## PROMPT
In the data below, the answer is the run of lines from the line containing "#7077 = CARTESIAN_POINT" through the line containing "#10396 = ORIENTED_EDGE", both included; print it exactly and nothing else.

(Stored dataset items)
-*-
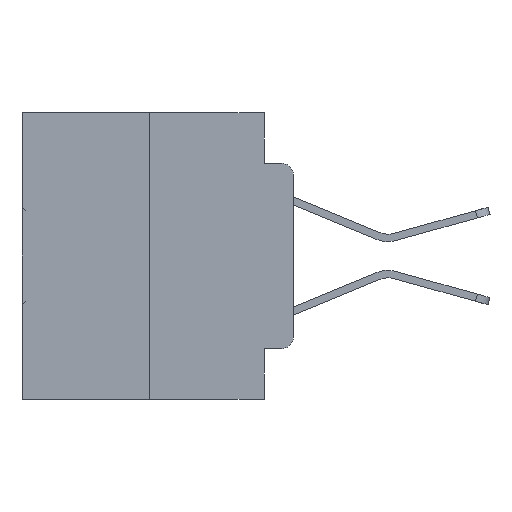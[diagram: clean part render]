
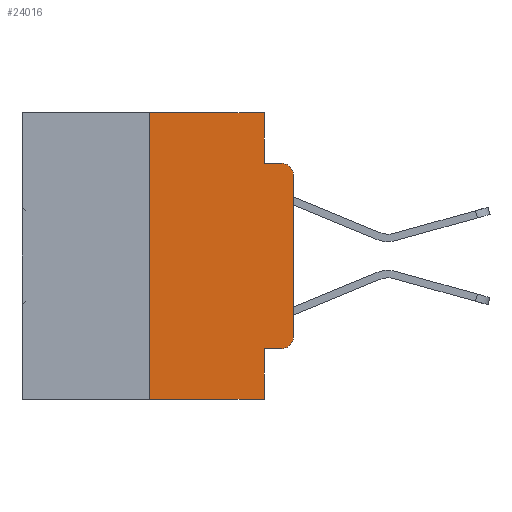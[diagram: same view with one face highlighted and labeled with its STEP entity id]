
A CAD part, left-side view. The second image highlights one B-rep face of the part: STEP entity #24016.
In plain terms, the highlighted planar face has unit normal (-1, 0, 0).
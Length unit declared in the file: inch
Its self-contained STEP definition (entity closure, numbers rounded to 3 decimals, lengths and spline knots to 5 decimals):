
#39 = CARTESIAN_POINT ( 'NONE',  ( 0., 0., -0.3915 ) ) ;
#1189 = DIRECTION ( 'NONE',  ( 0., 0., -1. ) ) ;
#1241 = FACE_OUTER_BOUND ( 'NONE', #12012, .T. ) ;
#1420 = VERTEX_POINT ( 'NONE', #22609 ) ;
#1550 = CARTESIAN_POINT ( 'NONE',  ( 0., 0.02, -0.4115 ) ) ;
#1603 = VECTOR ( 'NONE', #2139, 39.37008 ) ;
#2122 = LINE ( 'NONE', #23124, #2968 ) ;
#2139 = DIRECTION ( 'NONE',  ( 0., 0., -1. ) ) ;
#2250 = EDGE_CURVE ( 'NONE', #12232, #4861, #2122, .T. ) ;
#2404 = CARTESIAN_POINT ( 'NONE',  ( 0., 0.25, 0. ) ) ;
#2739 = DIRECTION ( 'NONE',  ( 0., -1., 0. ) ) ;
#2968 = VECTOR ( 'NONE', #4513, 39.37008 ) ;
#4084 = CARTESIAN_POINT ( 'NONE',  ( 0., 0.473, 0. ) ) ;
#4513 = DIRECTION ( 'NONE',  ( 0., -1., 0. ) ) ;
#4861 = VERTEX_POINT ( 'NONE', #16953 ) ;
#5436 = VECTOR ( 'NONE', #23981, 39.37008 ) ;
#5757 = EDGE_CURVE ( 'NONE', #15529, #23555, #29500, .T. ) ;
#5842 = ORIENTED_EDGE ( 'NONE', *, *, #5757, .T. ) ;
#6295 = PLANE ( 'NONE',  #15968 ) ;
#7077 = CARTESIAN_POINT ( 'NONE',  ( 0., 0.02, -0.3915 ) ) ;
#7336 = ORIENTED_EDGE ( 'NONE', *, *, #26200, .F. ) ;
#7670 = AXIS2_PLACEMENT_3D ( 'NONE', #7077, #25634, #9785 ) ;
#8016 = LINE ( 'NONE', #4084, #21324 ) ;
#8091 = ORIENTED_EDGE ( 'NONE', *, *, #2250, .F. ) ;
#8098 = CARTESIAN_POINT ( 'NONE',  ( 0., 0.473, -0.5 ) ) ;
#8399 = VECTOR ( 'NONE', #2739, 39.37008 ) ;
#8436 = CARTESIAN_POINT ( 'NONE',  ( 0., 0.25, -0.5 ) ) ;
#8698 = VERTEX_POINT ( 'NONE', #8436 ) ;
#9006 = DIRECTION ( 'NONE',  ( 1., 0., 0. ) ) ;
#9363 = CARTESIAN_POINT ( 'NONE',  ( 0., 0.051, 0. ) ) ;
#9785 = DIRECTION ( 'NONE',  ( 0., 0., -1. ) ) ;
#10188 = CIRCLE ( 'NONE', #7670, 0.02 ) ;
#10362 = VERTEX_POINT ( 'NONE', #2404 ) ;
#10396 = ORIENTED_EDGE ( 'NONE', *, *, #25511, .F. ) ;
#10554 = ORIENTED_EDGE ( 'NONE', *, *, #18009, .F. ) ;
#10760 = CARTESIAN_POINT ( 'NONE',  ( 0., 0.02, -0.1085 ) ) ;
#11022 = EDGE_CURVE ( 'NONE', #25140, #12480, #13177, .T. ) ;
#11854 = EDGE_CURVE ( 'NONE', #12480, #4861, #15598, .T. ) ;
#12012 = EDGE_LOOP ( 'NONE', ( #24517, #13260, #8091, #24884, #10554, #7336, #22255, #10396, #5842, #20164 ) ) ;
#12232 = VERTEX_POINT ( 'NONE', #26118 ) ;
#12335 = VECTOR ( 'NONE', #15785, 39.37008 ) ;
#12480 = VERTEX_POINT ( 'NONE', #32183 ) ;
#13083 = EDGE_CURVE ( 'NONE', #8698, #19175, #24985, .T. ) ;
#13177 = LINE ( 'NONE', #28884, #12335 ) ;
#13260 = ORIENTED_EDGE ( 'NONE', *, *, #11854, .T. ) ;
#13464 = DIRECTION ( 'NONE',  ( 0., 0., -1. ) ) ;
#14894 = DIRECTION ( 'NONE',  ( 0., -1., 0. ) ) ;
#15529 = VERTEX_POINT ( 'NONE', #32100 ) ;
#15598 = CIRCLE ( 'NONE', #17457, 0.02 ) ;
#15785 = DIRECTION ( 'NONE',  ( 0., 0., 1. ) ) ;
#15968 = AXIS2_PLACEMENT_3D ( 'NONE', #24865, #9006, #27523 ) ;
#16953 = CARTESIAN_POINT ( 'NONE',  ( 0., 0.02, -0.0885 ) ) ;
#17140 = CARTESIAN_POINT ( 'NONE',  ( 0., 0.051, -0.5 ) ) ;
#17457 = AXIS2_PLACEMENT_3D ( 'NONE', #10760, #29208, #13464 ) ;
#18009 = EDGE_CURVE ( 'NONE', #10362, #1420, #8016, .T. ) ;
#18360 = LINE ( 'NONE', #23571, #31513 ) ;
#18779 = LINE ( 'NONE', #9363, #32759 ) ;
#19175 = VERTEX_POINT ( 'NONE', #17140 ) ;
#20164 = ORIENTED_EDGE ( 'NONE', *, *, #33652, .T. ) ;
#21324 = VECTOR ( 'NONE', #14894, 39.37008 ) ;
#22255 = ORIENTED_EDGE ( 'NONE', *, *, #13083, .T. ) ;
#22609 = CARTESIAN_POINT ( 'NONE',  ( 0., 0.051, 0. ) ) ;
#23124 = CARTESIAN_POINT ( 'NONE',  ( 0., 0.051, -0.0885 ) ) ;
#23555 = VERTEX_POINT ( 'NONE', #1550 ) ;
#23571 = CARTESIAN_POINT ( 'NONE',  ( 0., 0.25, 0. ) ) ;
#23981 = DIRECTION ( 'NONE',  ( 0., -1., 0. ) ) ;
#24016 = ADVANCED_FACE ( 'NONE', ( #1241 ), #6295, .F. ) ;
#24517 = ORIENTED_EDGE ( 'NONE', *, *, #11022, .T. ) ;
#24865 = CARTESIAN_POINT ( 'NONE',  ( 0., 0.473, 0. ) ) ;
#24884 = ORIENTED_EDGE ( 'NONE', *, *, #25953, .F. ) ;
#24985 = LINE ( 'NONE', #8098, #5436 ) ;
#25140 = VERTEX_POINT ( 'NONE', #39 ) ;
#25511 = EDGE_CURVE ( 'NONE', #15529, #19175, #33585, .T. ) ;
#25634 = DIRECTION ( 'NONE',  ( -1., 0., 0. ) ) ;
#25953 = EDGE_CURVE ( 'NONE', #1420, #12232, #18779, .T. ) ;
#26118 = CARTESIAN_POINT ( 'NONE',  ( 0., 0.051, -0.0885 ) ) ;
#26200 = EDGE_CURVE ( 'NONE', #8698, #10362, #18360, .T. ) ;
#26227 = DIRECTION ( 'NONE',  ( 0., 0., 1. ) ) ;
#27523 = DIRECTION ( 'NONE',  ( 0., 0., -1. ) ) ;
#28884 = CARTESIAN_POINT ( 'NONE',  ( 0., 0., 0. ) ) ;
#29208 = DIRECTION ( 'NONE',  ( -1., 0., 0. ) ) ;
#29500 = LINE ( 'NONE', #31916, #8399 ) ;
#31513 = VECTOR ( 'NONE', #26227, 39.37008 ) ;
#31916 = CARTESIAN_POINT ( 'NONE',  ( 0., 0.051, -0.4115 ) ) ;
#32100 = CARTESIAN_POINT ( 'NONE',  ( 0., 0.051, -0.4115 ) ) ;
#32183 = CARTESIAN_POINT ( 'NONE',  ( 0., 0., -0.1085 ) ) ;
#32759 = VECTOR ( 'NONE', #1189, 39.37008 ) ;
#33585 = LINE ( 'NONE', #33920, #1603 ) ;
#33652 = EDGE_CURVE ( 'NONE', #23555, #25140, #10188, .T. ) ;
#33920 = CARTESIAN_POINT ( 'NONE',  ( 0., 0.051, 0. ) ) ;
-*-
## RESULT
#7077 = CARTESIAN_POINT ( 'NONE',  ( 0., 0.02, -0.3915 ) ) ;
#7336 = ORIENTED_EDGE ( 'NONE', *, *, #26200, .F. ) ;
#7670 = AXIS2_PLACEMENT_3D ( 'NONE', #7077, #25634, #9785 ) ;
#8016 = LINE ( 'NONE', #4084, #21324 ) ;
#8091 = ORIENTED_EDGE ( 'NONE', *, *, #2250, .F. ) ;
#8098 = CARTESIAN_POINT ( 'NONE',  ( 0., 0.473, -0.5 ) ) ;
#8399 = VECTOR ( 'NONE', #2739, 39.37008 ) ;
#8436 = CARTESIAN_POINT ( 'NONE',  ( 0., 0.25, -0.5 ) ) ;
#8698 = VERTEX_POINT ( 'NONE', #8436 ) ;
#9006 = DIRECTION ( 'NONE',  ( 1., 0., 0. ) ) ;
#9363 = CARTESIAN_POINT ( 'NONE',  ( 0., 0.051, 0. ) ) ;
#9785 = DIRECTION ( 'NONE',  ( 0., 0., -1. ) ) ;
#10188 = CIRCLE ( 'NONE', #7670, 0.02 ) ;
#10362 = VERTEX_POINT ( 'NONE', #2404 ) ;
#10396 = ORIENTED_EDGE ( 'NONE', *, *, #25511, .F. ) ;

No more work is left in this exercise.